Methods: In this methodological study, the air pollution data (O3 and PM10) which is recorded by East Azerbaijan Environmental Protection Organization in Tabriz during 2017 were used. In the analysis phase, in hourly data of pollutants, the wrong values were removed and the outlier values were excluded based on z-score. Several imputation approaches were considered to deal with the problem of missing values. Continuing the analysis, the geographical coordinates of the stations and the hour and day of recording the concentration of pollutants as spatial and temporal dimensions were entered into the STM and TM. Then, for each model, goodness of fit indicators were calculated and compared with each other. Finally, clusters obtained from the model with better fit in terms of relationship with meteorological parameters were analyzed using Mann-Kendall correlation coefficient at the significance level of 0.05 and 0.01 percent. All analyses were performed in R software version 4.0.2.
Results: In comparison with imputation methods, linear interpolation was better than other methods. Thus, the missing data was imputed using the linear interpolation method and the data series without missing value was entered into clustering analysis. In terms of absolute of BIC in both pollutants, the highest and lowest values were for STM and MCLUST, respectively. The number of O3 and PM10 clusters for STM was 3 and 4, TM 4 and 5 and MCLUST 9 and 9, respectively. In both pollutants, the number of clusters of STM was the lowest. The relationship between pollutants and temperature in clusters obtained by STM in O3 was positive and significant in all clusters, and in PM10 positive and significant in some clusters. In relation to relative humidity and rainfall, both pollutants are negative and significant at the significance level of 0.05 and 0.01. The fourth cluster of PM10 had the highest mean concentration, average temperature and lowest precipitation, and in contrast, the third cluster had the lowest mean concentration. The second cluster of O3 had the lowest mean concentration, average temperature, and wind speed, and in contrast, the third cluster had the highest mean concentration. The effect of temperature and rainfall was higher than other parameters in increasing and decreasing pollutant concentration.
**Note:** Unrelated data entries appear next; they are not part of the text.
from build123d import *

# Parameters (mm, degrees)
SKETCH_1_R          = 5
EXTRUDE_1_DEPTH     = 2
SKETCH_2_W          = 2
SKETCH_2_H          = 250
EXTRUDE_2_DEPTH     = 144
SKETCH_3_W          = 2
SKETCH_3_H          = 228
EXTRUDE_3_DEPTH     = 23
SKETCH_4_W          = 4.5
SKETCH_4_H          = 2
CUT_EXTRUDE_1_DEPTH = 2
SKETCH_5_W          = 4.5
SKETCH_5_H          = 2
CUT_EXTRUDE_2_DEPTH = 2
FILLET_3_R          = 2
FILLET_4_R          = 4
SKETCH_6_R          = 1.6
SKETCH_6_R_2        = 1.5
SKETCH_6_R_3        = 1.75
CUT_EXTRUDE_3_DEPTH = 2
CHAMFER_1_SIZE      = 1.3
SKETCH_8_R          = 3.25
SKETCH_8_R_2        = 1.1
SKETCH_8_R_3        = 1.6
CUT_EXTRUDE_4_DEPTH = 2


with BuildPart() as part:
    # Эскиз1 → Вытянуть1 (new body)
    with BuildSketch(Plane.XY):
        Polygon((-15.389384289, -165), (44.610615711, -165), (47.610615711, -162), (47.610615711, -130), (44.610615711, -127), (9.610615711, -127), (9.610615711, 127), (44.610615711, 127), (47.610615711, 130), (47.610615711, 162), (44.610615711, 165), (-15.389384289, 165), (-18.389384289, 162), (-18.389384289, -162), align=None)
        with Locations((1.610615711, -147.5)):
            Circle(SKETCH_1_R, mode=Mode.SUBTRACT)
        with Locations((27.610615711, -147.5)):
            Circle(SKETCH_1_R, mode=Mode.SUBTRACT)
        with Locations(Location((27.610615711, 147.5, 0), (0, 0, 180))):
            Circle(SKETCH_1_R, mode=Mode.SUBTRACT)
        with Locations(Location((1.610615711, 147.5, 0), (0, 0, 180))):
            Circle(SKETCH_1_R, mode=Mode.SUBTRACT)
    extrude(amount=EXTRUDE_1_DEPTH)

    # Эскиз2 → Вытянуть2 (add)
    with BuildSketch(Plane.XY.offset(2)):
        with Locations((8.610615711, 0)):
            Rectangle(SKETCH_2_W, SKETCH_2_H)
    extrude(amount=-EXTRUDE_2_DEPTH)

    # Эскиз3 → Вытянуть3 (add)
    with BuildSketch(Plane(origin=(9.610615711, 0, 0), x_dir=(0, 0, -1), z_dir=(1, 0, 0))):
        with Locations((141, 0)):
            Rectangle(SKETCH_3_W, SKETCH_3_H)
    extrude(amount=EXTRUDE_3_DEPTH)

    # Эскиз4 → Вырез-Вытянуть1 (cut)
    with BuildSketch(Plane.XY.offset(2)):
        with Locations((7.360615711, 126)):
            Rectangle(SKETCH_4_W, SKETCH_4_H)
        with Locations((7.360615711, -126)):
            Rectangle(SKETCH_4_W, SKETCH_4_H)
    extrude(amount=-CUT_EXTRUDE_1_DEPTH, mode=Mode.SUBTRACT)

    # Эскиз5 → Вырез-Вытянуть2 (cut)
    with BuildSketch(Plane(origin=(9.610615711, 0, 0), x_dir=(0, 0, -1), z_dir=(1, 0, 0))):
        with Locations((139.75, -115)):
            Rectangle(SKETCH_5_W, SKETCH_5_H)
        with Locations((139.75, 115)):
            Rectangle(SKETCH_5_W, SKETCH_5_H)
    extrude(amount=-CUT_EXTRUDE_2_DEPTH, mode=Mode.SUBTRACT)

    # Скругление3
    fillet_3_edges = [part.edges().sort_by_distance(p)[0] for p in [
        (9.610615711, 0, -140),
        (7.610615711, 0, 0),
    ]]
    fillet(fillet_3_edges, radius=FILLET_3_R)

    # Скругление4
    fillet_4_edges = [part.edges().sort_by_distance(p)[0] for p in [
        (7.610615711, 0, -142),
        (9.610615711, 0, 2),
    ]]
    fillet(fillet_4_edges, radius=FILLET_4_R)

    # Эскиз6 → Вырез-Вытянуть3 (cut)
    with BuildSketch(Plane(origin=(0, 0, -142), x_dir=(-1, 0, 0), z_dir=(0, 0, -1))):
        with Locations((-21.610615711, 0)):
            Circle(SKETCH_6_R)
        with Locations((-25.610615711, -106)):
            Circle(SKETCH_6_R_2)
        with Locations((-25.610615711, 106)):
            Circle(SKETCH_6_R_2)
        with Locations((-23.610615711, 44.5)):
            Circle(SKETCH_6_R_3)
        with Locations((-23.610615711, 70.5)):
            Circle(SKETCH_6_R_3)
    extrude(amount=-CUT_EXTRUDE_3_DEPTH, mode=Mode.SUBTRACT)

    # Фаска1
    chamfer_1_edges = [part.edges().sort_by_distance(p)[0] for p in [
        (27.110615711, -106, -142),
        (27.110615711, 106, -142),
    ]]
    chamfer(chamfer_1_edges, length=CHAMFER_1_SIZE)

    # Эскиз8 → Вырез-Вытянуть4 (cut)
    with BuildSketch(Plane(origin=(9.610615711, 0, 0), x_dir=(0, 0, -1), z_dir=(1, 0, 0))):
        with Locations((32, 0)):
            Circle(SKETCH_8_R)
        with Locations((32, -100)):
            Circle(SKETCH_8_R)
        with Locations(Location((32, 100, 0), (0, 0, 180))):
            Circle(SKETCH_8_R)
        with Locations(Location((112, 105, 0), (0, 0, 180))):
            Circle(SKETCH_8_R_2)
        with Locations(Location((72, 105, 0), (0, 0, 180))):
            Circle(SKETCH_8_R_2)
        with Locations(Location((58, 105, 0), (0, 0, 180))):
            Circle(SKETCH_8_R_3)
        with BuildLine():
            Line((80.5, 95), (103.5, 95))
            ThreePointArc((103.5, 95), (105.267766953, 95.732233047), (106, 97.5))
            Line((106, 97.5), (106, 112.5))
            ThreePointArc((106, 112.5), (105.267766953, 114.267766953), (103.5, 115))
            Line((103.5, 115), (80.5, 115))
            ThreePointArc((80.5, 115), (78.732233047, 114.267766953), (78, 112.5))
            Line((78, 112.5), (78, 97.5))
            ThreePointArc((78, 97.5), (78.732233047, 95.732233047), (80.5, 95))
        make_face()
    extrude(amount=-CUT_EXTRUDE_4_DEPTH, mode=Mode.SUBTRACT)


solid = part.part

Conclusions: In this method, both the time and location dimensions were entered the model simultaneously and there is no need to separately investigate the concentration of pollutants at different times and locations. Therefore, the volume of the studied results and the error rate in decision making decreases.
Keywords: Clustering, Air Pollutants, Mixture Model, Spatio-Temporal Model, Imputation Method, Tabriz.